Especial

por Marcelo Teixeira

El día en que fui al cielo

Trabajé en la ciudad de Rio de Janeiro por muchos años y en periodos diferentes. Allá, hice mis dos cursos universitarios. De hecho, adoro la Ciudad Maravilhosa, a pesar de todos sus percances.

En un de esos periodos, de 1983 a 1993, actué como asesor de comercio exterior en una multinacional que importaba y exportaba papel y celulosa. Era una óptima empresa, dígase de pasada. Ambiente bueno, compañeros excelentes y salario ídem. Época de inflación en Brasil; ni recuerdo más cual era la moneda entonces vigente. Pero el salario daba y sobraba.

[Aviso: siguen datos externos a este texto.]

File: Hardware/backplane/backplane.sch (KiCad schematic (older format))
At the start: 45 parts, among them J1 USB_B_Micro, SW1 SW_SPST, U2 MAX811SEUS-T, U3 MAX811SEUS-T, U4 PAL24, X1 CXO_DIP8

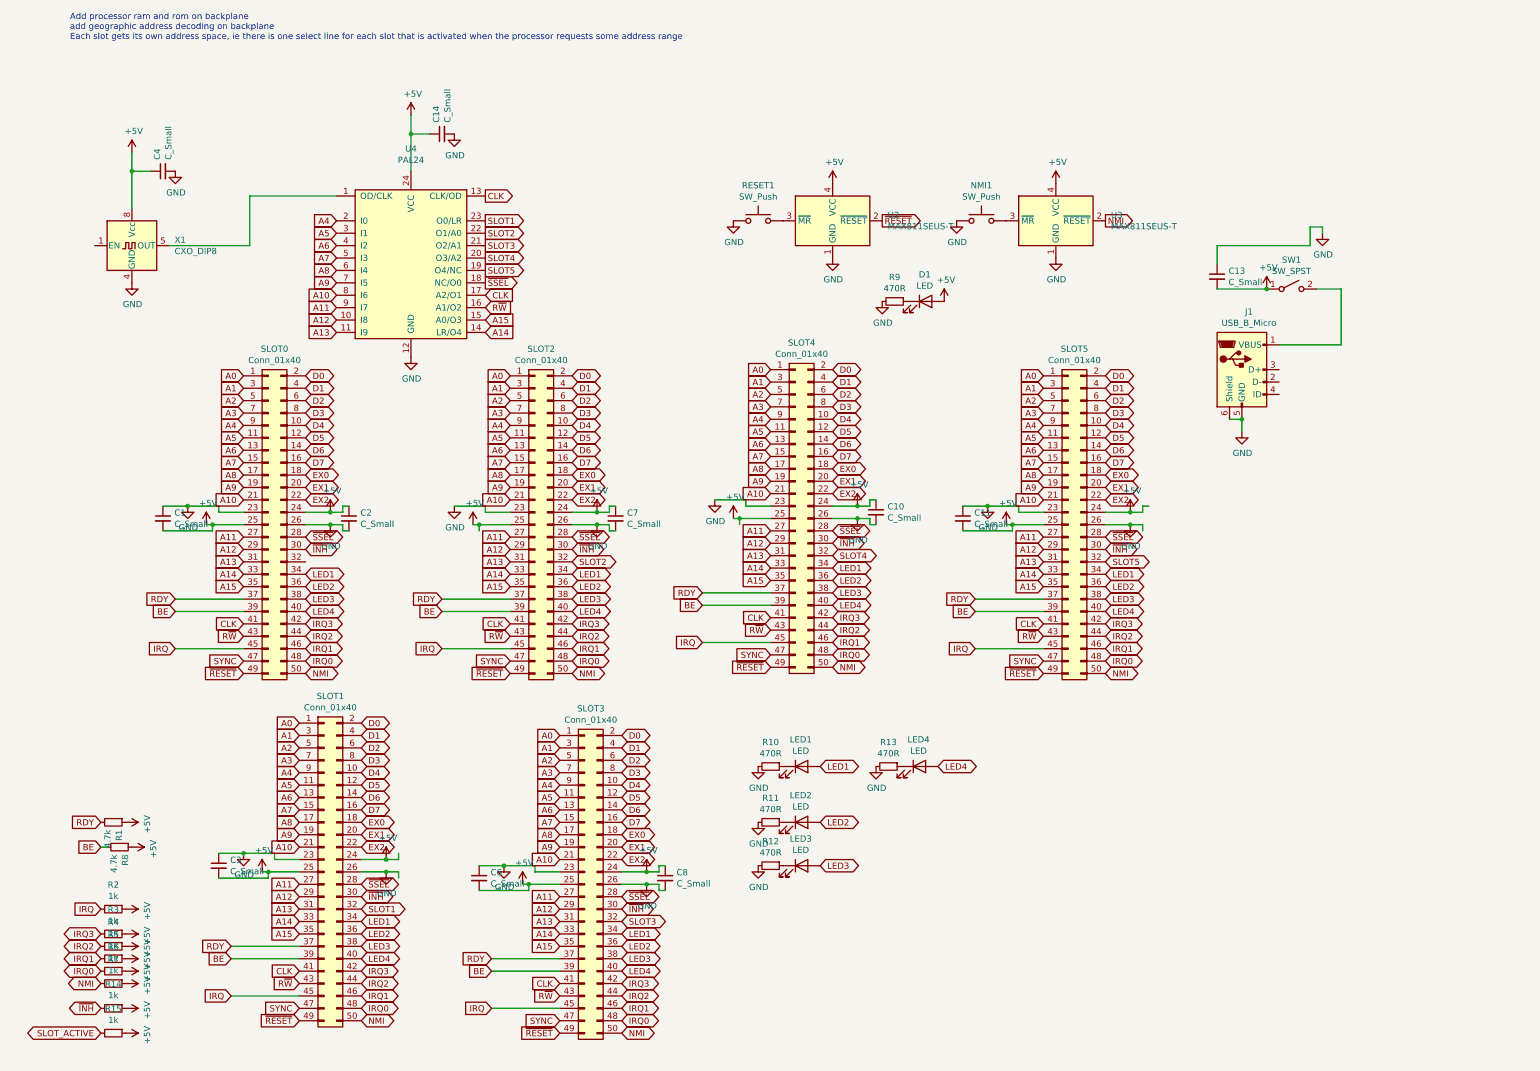
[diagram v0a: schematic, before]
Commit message: Clean up schematics and add pdfs
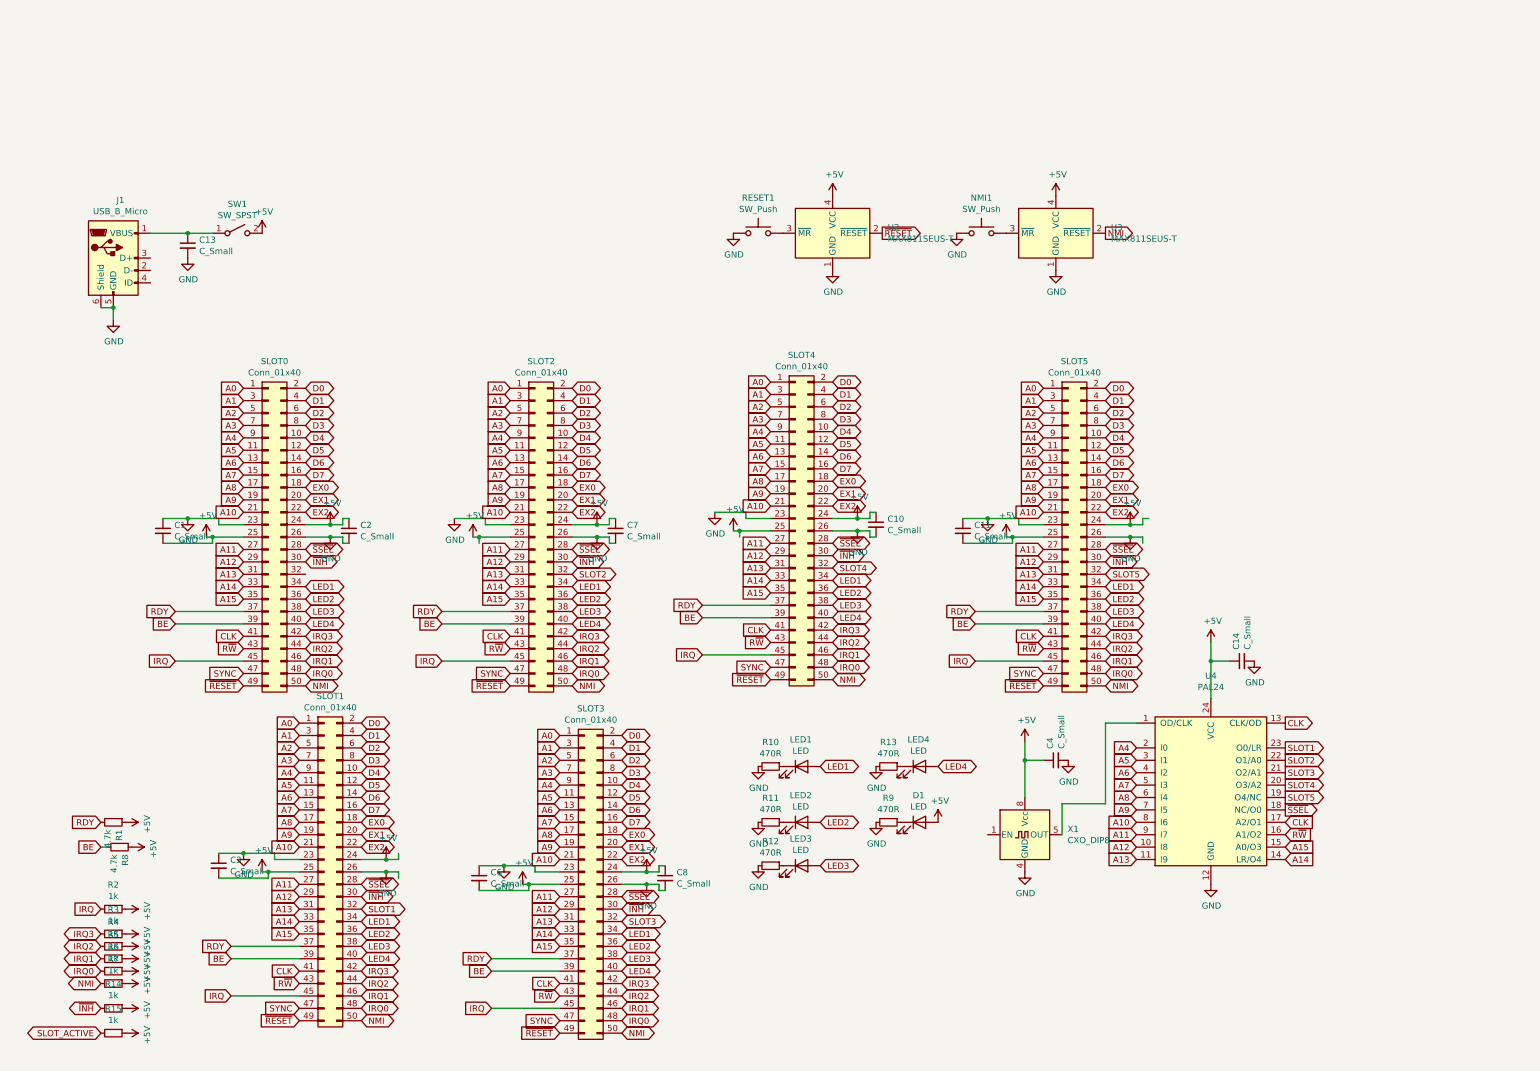
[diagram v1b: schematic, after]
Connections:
- wire segments 128 -> 122
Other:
- note removed: "Add processor ram and rom on backplane\nadd geographic address decoding on backplane\nEach slot gets its own address space, ie there is one select line for each slot that is activated when the processor requests some address range"
- moved on the sheet: C1, C10, C11, C13, C14, C2, C4, C7, D1, J1, NMI1, R9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

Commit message: Each slot has an individual interrupt line, to prevent two cards using the same interrupt line.
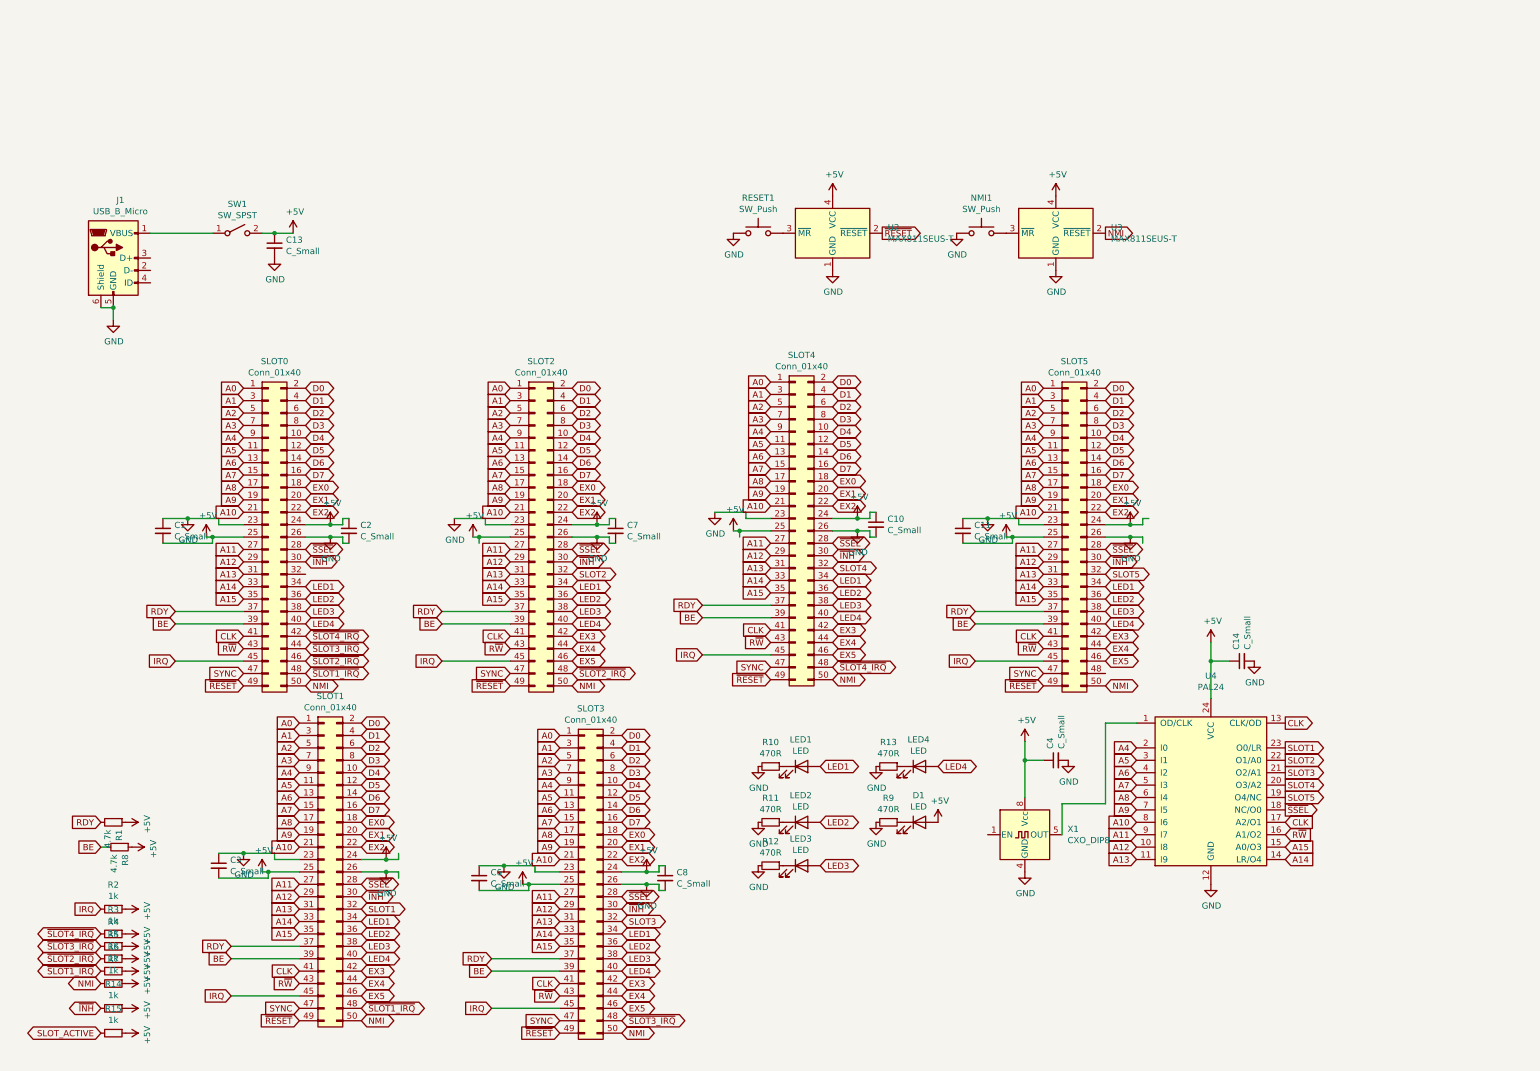
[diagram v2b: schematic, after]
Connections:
- net labels added: EX3, EX4, EX5, ~SLOT1_IRQ~, ~SLOT2_IRQ~, ~SLOT3_IRQ~, ~SLOT4_IRQ~
- net labels removed: IRQ0, IRQ1, IRQ2, IRQ3
- wire segments 122 -> 123
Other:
- moved on the sheet: C13
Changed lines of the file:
@@
 Text GLabel 1750 4550 0    50   Input ~ 0
 IRQ
-Text GLabel 2800 4650 2    50   BiDi ~ 0
-IRQ0
-Text GLabel 2800 4550 2    50   BiDi ~ 0
-IRQ1
-Text GLabel 2800 4450 2    50   BiDi ~ 0
-IRQ2
-Text GLabel 2800 4350 2    50   BiDi ~ 0
-IRQ3
 $Comp
 L Device:C_Small C2
@@
 Text GLabel 1150 7150 0    50   BiDi ~ 0
 NMI
+Text GLabel 1150 6750 0    50   BiDi ~ 0
+~SLOT4_IRQ~
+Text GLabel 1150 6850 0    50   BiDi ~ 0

Era un viernes del mes de abril o mayo de 1988. El expediente terminaba a las 17h, pero me quedé un poco más para adelantar algunas demandas. Llovía. Salí de la empresa alrededor de las 18h30 y fui a la tienda de departamentos C&A. El invierno se aproximaba y había unas camisas en C&A de un estilista italiano llamado Angelo Litrico. Todo lo que esa marca confecciona es muy bueno, y yo estaba necesitando ropa de invierno. Fui hasta la tienda que queda en la esquina de la Calle del Ouvidor con el Ancho de S. Francisco y compré dos camisas y un pantalón. Salí de allá un poco antes de las 20h. Además de la bolsa de C&A, cargaba la carpeta de trabajo y el paraguas. Aún llovía.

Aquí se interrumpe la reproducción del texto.